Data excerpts
════

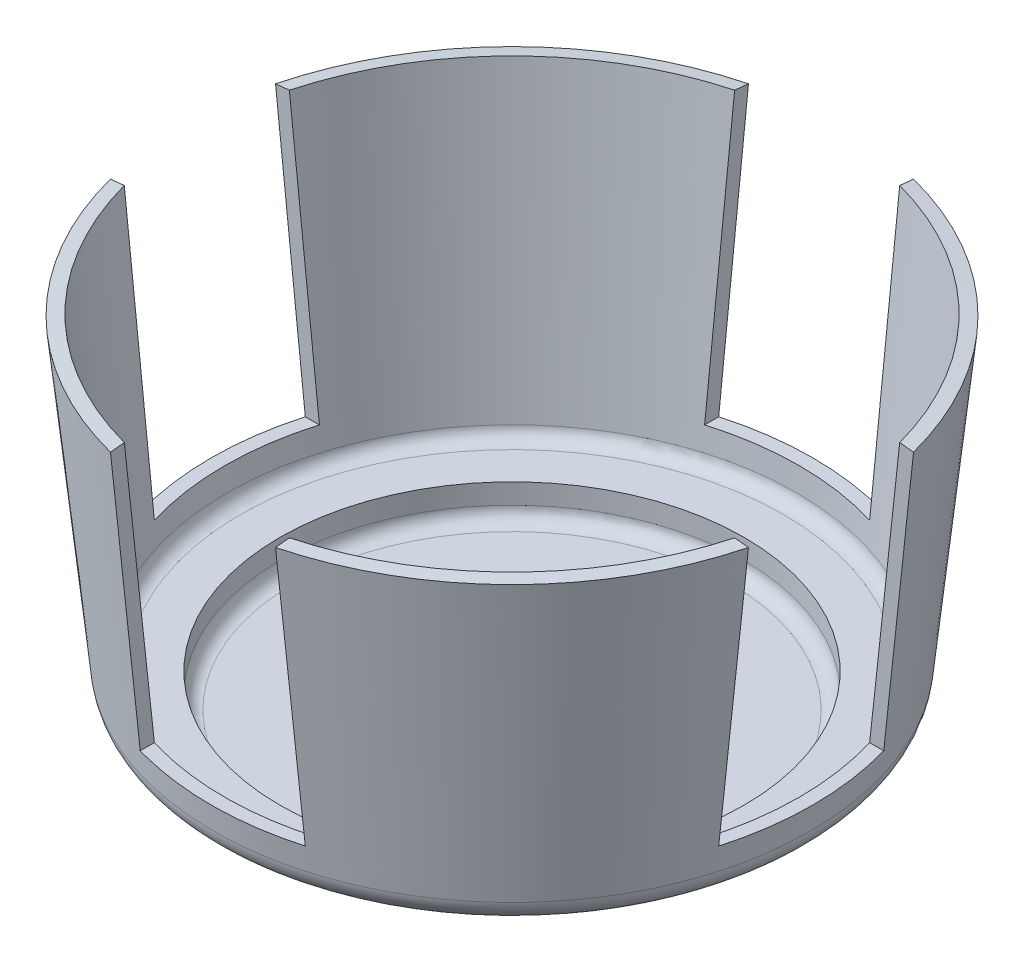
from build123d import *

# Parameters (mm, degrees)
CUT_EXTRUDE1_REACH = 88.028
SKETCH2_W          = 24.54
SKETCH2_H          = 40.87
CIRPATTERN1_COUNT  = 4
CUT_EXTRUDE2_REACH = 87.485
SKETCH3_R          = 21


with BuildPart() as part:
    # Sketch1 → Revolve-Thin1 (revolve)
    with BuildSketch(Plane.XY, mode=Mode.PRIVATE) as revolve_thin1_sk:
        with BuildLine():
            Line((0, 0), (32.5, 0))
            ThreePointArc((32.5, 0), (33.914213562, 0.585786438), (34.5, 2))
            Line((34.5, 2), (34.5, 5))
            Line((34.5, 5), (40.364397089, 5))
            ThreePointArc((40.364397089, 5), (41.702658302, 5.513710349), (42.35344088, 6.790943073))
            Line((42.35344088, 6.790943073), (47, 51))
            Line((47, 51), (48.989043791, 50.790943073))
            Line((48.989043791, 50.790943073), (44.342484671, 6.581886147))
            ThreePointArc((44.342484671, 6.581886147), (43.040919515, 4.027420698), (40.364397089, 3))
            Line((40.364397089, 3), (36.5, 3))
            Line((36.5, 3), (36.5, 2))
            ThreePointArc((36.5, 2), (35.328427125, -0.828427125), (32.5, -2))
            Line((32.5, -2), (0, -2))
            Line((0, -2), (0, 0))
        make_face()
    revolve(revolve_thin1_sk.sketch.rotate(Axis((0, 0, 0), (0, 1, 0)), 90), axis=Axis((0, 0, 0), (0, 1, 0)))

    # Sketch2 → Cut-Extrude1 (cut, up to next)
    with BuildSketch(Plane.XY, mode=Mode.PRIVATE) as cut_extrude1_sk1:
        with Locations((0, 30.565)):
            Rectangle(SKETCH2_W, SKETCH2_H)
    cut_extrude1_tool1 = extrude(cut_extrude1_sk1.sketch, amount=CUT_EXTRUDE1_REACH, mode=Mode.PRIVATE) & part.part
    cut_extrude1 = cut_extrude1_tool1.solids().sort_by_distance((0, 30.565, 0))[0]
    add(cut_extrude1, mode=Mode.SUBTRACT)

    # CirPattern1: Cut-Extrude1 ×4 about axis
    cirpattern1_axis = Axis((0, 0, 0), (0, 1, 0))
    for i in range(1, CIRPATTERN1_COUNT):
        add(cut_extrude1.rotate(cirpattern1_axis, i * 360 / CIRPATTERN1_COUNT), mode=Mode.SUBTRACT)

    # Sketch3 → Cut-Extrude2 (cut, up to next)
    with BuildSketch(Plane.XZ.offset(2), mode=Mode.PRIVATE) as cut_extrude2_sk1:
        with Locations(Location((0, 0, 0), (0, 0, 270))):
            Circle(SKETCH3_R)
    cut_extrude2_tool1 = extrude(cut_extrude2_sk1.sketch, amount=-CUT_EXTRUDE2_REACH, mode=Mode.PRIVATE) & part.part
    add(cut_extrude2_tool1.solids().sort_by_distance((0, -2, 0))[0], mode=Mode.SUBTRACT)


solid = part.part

════

__What is expected__:
Across the entries above, tally every line that includes the string "BuildSketch", then state only the count.

__Output for this task__:
3